LLMs will make mistakes on every turn. The mistakes will have little to no apparent connection to "difficulty" or what may or may not be prevalent in the training data. They will be mistakes at all levels of operation, from planning to code writing to reporting. Whether those mistakes matter and whether you catch them is mostly up to you.

I have yet to find a model that does not make mistakes each turn. I suspect that this kind of error is fundamentally incorrigible.

The most interesting thing about LLMs is that despite the above (and its non-determinism) they're still useful.

simonw 19 minutes ago | parent | next [-]

> I have yet to find a model that does not make mistakes each turn

What kind of mistakes are you talking about here?

pyrolistical an hour ago | parent | prev [-]

As a human I make typos all the time

dangus 38 minutes ago | parent | next [-]

A human can sit down and say “I’m going to make sure this is correct on the first pass and make sure I make an exact copy.”

They have cognitive awareness of which tasks are highly critical and need more checking and re-checking without being prompted to think that way.

For a human, time doesn’t stop when the first pass of the prompt and response is over. An LLM effectively wipes its memory of what it just did unless something is keeping track of a highly resource constrained context.

An LLM is like an author of a book that immediately closes its eyes and wipes its memory after writing a chapter. Sure, it can pull some of that back in the next query via context, and it can regain context very quickly, but it effectively has no memory of the exact thing it just did.

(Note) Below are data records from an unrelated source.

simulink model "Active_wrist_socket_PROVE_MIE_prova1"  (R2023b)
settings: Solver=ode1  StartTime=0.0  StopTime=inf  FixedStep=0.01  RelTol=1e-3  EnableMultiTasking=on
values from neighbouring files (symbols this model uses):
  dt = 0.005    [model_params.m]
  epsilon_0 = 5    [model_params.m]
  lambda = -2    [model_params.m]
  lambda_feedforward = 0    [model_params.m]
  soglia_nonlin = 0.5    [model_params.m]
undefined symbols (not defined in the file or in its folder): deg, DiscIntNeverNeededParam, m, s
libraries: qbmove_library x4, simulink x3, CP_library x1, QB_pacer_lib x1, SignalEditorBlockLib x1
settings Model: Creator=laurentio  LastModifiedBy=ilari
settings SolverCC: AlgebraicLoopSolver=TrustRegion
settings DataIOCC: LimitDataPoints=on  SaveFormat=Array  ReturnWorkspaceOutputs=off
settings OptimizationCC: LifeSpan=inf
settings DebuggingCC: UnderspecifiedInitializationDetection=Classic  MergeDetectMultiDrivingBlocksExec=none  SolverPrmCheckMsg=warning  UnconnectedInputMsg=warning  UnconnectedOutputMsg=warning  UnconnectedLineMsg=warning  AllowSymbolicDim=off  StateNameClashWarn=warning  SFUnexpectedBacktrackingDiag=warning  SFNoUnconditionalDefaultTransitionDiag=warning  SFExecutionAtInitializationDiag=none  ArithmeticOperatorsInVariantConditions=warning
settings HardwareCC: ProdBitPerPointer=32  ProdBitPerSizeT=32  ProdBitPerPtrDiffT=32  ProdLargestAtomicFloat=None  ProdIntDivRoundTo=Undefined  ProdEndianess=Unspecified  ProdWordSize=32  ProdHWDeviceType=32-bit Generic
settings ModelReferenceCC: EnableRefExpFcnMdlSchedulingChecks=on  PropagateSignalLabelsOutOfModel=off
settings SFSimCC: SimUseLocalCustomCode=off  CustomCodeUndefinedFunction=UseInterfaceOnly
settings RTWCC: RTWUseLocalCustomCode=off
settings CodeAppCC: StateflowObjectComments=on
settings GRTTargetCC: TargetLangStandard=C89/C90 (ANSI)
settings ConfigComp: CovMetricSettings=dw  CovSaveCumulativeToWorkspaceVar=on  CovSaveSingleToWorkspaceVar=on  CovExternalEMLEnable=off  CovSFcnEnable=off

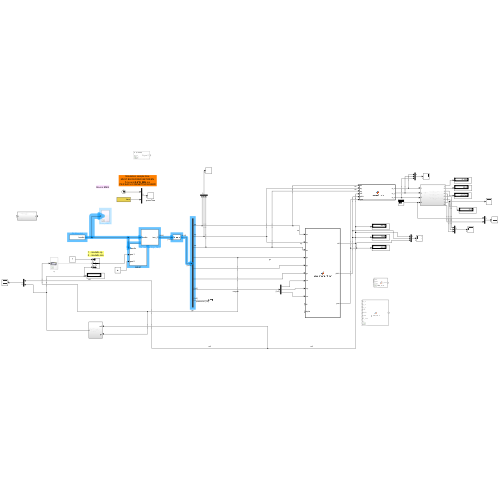
[thumbnail: Simulink's stored preview of the top-level diagram]
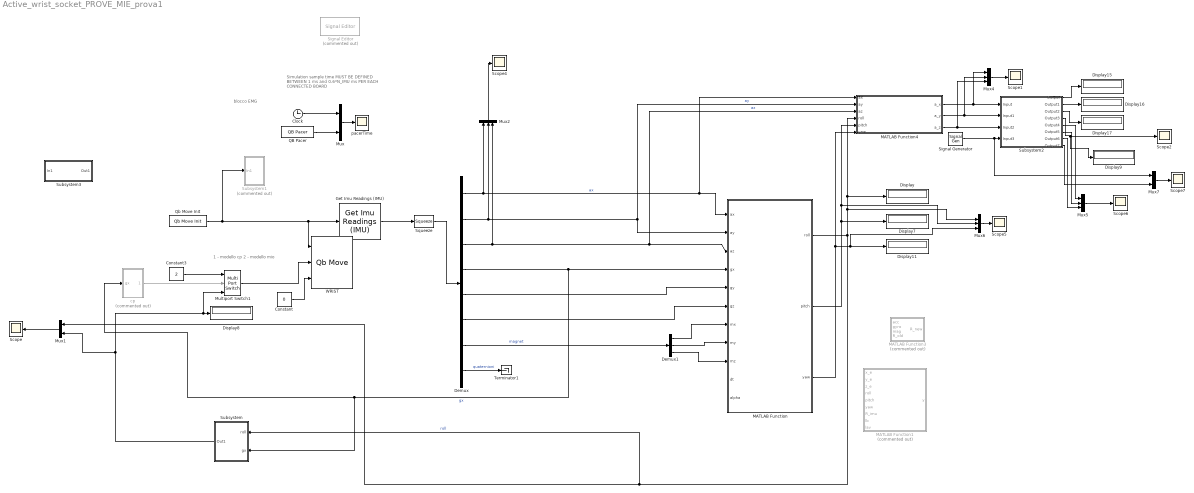
== system Active_wrist_socket_PROVE_MIE_prova1 ==
  note: blocco EMG
  note: 1 - modello cp
      | 2 - modello mio
  note: Simulation sample time
      | MUST BE DEFINED BETWEEN
      | 1 ms and 0.6*N_IMU ms
      | PER EACH CONNECTED BOARD
  Clock : Clock
  Constant : Constant  Value=0
  Constant3 : Constant  Value=2
  Demux : Demux  Outputs=[1 1 1 1 1 1 3 5]
  Demux1 : Demux  Outputs=3
  Display{,7..9,11,15..17} (8 alike) : Display
  Get Imu Readings (IMU) : CP_library/Get Imu Readings (IMU)  ID=2  N_IMU=1  DAISY_CHAINING=off  ACC_UNITY=m/(s^2)  GYRO_UNITY=deg/s  MAG_UNITY=uT
      settings: SourceProductName=Centro Piaggio Library
  MATLAB Function : MATLAB Function  TreatAsAtomicUnit=on
  MATLAB Function1 : MATLAB Function  Commented=on  TreatAsAtomicUnit=on
  MATLAB Function3 : MATLAB Function  Commented=on  TreatAsAtomicUnit=on
  MATLAB Function4 : MATLAB Function  TreatAsAtomicUnit=on
  Multiport Switch1 : MultiPortSwitch  Inputs=2  SaturateOnIntegerOverflow=off  InputSameDT=off
  Mux : Mux  Inputs=2
  Mux1 : Mux  Inputs=2
  Mux{2,4..6} (4 alike) : Mux  Inputs=3
  Mux7 : Mux  Inputs=2
  QB Pacer : QB_pacer_lib/QB Pacer  simTimePerRealTime=1
      settings: SourceProductName=QB Pacer
  Qb Move Init : qbmove_library/Qb Move Init  NUMBER_OF_COM='COM9'  BAUD_RATE_COM=2000000
      settings: SourceProductName=Qb Move Library
  Scope{,1..2,4..7} (7 alike) : Scope
  Signal Generator : SignalGenerator
  Signal Editor : SignalEditorBlockLib/Signal Editor  Commented=on  FileName=signal_generator_piecewise.mat  ActiveScenario=Scenario  ActiveSignal=Signal 1  IsBus=off  OutputBusObjectStr=Bus: BusObject  SampleTime=0  Interpolate=off  ZeroCross=off  OutputAfterFinalValue=Setting to zero  Unit=inherit  PreserveSignalName=on  ApplySigPropsToAllScenarios=on  ApplySigPropsToAllSignals=off
  Squeeze : Squeeze
  Subsystem : Subsystem
  Subsystem1 : Subsystem  Commented=on
  Subsystem2 : Subsystem
  Subsystem3 : Subsystem
  Terminator1 : Terminator
  WRIST : qbmove_library/Qb Move  ID=2  ACTIVE_COMM_DIRECTIONS=Tx  CONTROL_MODE=Prime Movers Positions  DAISY_CHAINING=off  MAX_ANG=0  SW_LIMIT=inf  OFFSET=0  ACTIVATE=on  WDT=0.0  UNIT=TICK
      settings: SourceProductName=Qb Move Library
  cp : Subsystem  Commented=on
  pacerTime : Scope
  wires:
  QB Pacer/1 -> Mux/2
  Clock/1 -> Mux/1
  Mux/1 -> pacerTime/1
  Get Imu Readings (IMU)/1 -> Squeeze/1
  Constant/1 -> WRIST/3
  Squeeze/1 -> Demux/1
  Demux/1 -> Mux2/1, MATLAB Function4/1(ax), MATLAB Function/1(ax)  "ax"
  Demux/2 -> MATLAB Function4/2(ay), MATLAB Function/2(ay), Mux2/2  "ay"
  Demux/3 -> MATLAB Function/3(az), MATLAB Function4/3(az), Mux2/3  "az"
  Demux/4 -> MATLAB Function/4(gx), Subsystem/2(gx), cp/1(gx)  "gx"
  Qb Move Init/1 -> Get Imu Readings (IMU)/1, WRIST/1, Subsystem1/1(In1)
  Constant3/1 -> Multiport Switch1/1
  cp/1(Out1) -> Multiport Switch1/2
  MATLAB Function/1(roll) -> Subsystem/1(roll), Mux1/1, MATLAB Function4/4(roll), Display/1, Mux6/1  "roll"
  MATLAB Function/2(pitch) -> MATLAB Function4/5(pitch), Mux6/2, Display7/1
  MATLAB Function/3(yaw) -> MATLAB Function4/6(yaw), Mux6/3, Display11/1
  Mux1/1 -> Scope/1
  Multiport Switch1/1 -> WRIST/2
  Subsystem/1(Out1) -> Mux1/2, Multiport Switch1/3, Display8/1
  Demux/7 -> Demux1/1  "magnet"
  Demux/8 -> Terminator1/1  "quaternioni"
  Mux2/1 -> Scope4/1
  Subsystem2/1(Output) -> Display15/1
  Subsystem2/2(Output1) -> Display16/1
  Subsystem2/3(Output2) -> Display17/1
  Mux4/1 -> Scope1/1
  MATLAB Function4/1(a_x) -> Mux4/1, Subsystem2/1(Input)
  Mux6/1 -> Scope5/1
  Subsystem2/4(Output3) -> Display9/1, Scope2/1
  MATLAB Function4/2(a_y) -> Mux4/2, Subsystem2/2(Input1)
  MATLAB Function4/3(a_z) -> Mux4/3, Subsystem2/3(Input2)
  Subsystem2/5(Output4) -> Mux5/1
  Subsystem2/6(Output5) -> Mux5/2
  Subsystem2/7(Output6) -> Mux5/3
  Mux5/1 -> Scope6/1
  Signal Generator/1 -> Mux7/1, Subsystem2/4(Input3)
  Mux7/1 -> Scope7/1
  Subsystem2/8(Output7) -> Mux7/2
  Demux/5 -> MATLAB Function/5(gy)
  Demux/6 -> MATLAB Function/6(gz)
  Demux1/1 -> MATLAB Function/7(mx)
  Demux1/2 -> MATLAB Function/8(my)
  Demux1/3 -> MATLAB Function/9(mz)

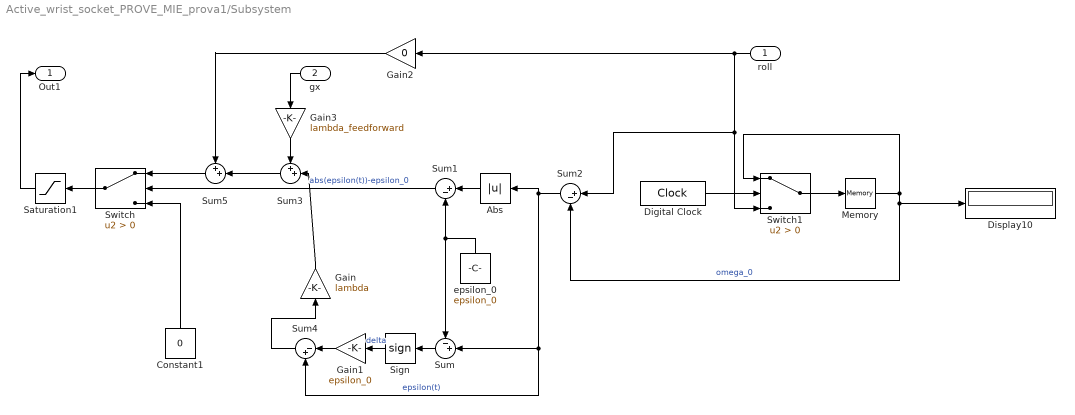
== system Active_wrist_socket_PROVE_MIE_prova1/Subsystem ==
  roll : Inport
  gx : Inport  Port=2
  Abs : Abs  SaturateOnIntegerOverflow=off
  Constant1 : Constant  Value=0
  Digital Clock : DigitalClock  SampleTime=dt
  Display10 : Display
  Gain : Gain  Gain=lambda
  Gain1 : Gain  Gain=epsilon_0
  Gain2 : Gain  Gain=0
  Gain3 : Gain  Gain=lambda_feedforward
  Memory : Memory
  Saturation1 : Saturate  UpperLimit=100  LowerLimit=-100
  Sign : Signum
  Sum : Sum  Inputs=-+|
  Sum1 : Sum  Inputs=|+-
  Sum2 : Sum  Inputs=|+-
  Sum3 : Sum  Inputs=++|
  Sum4 : Sum  Inputs=|-+
  Sum5 : Sum  Inputs=++|
  Switch : Switch  Criteria=u2 > Threshold  SaturateOnIntegerOverflow=off  InputSameDT=off
  Switch1 : Switch  Criteria=u2 > Threshold  SaturateOnIntegerOverflow=off  InputSameDT=off
  epsilon_0 : Constant  Value=epsilon_0
  Out1 : Outport
  wires:
  Gain/1 -> Sum3/2
  Switch/1 -> Saturation1/1
  Sum2/1 -> Abs/1, Sum/2, Sum4/2  "epsilon(t)"
  Sign/1 -> Gain1/1  "delta"
  epsilon_0/1 -> Sum/1, Sum1/2
  roll/1 -> Switch1/3, Sum2/1, Gain2/1
  Switch1/1 -> Memory/1
  Sum4/1 -> Gain/1
  Abs/1 -> Sum1/1
  Sum/1 -> Sign/1
  Constant1/1 -> Switch/3
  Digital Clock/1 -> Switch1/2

When a human is doing these tasks there is a lot of room for mistakes but there’s also a wildly higher capacity for flowing through time.

adampunk 32 minutes ago | parent [-]

Ok, and?

simonh 23 minutes ago | parent | next [-]

Humans understand what mistakes are and can reason about what constitutes a mistake and what doesn’t. LLMs can’t do that.

It’s for the same reason that they will invent bullshit instead of saying “I don’t know”, when they don’t know. They don’t have a concept of accuracy of facts.

dangus 28 minutes ago | parent | prev [-]

And that’s why I’m paid six figures and my LLM is paid $20/month.

adampunk an hour ago | parent | prev [-]

I do too! I also make higher level design errors and get too enthusiastic about projects before code is written.

We are, in a sense, fallible machines who have designed a planet-wide computational fabric around that fact.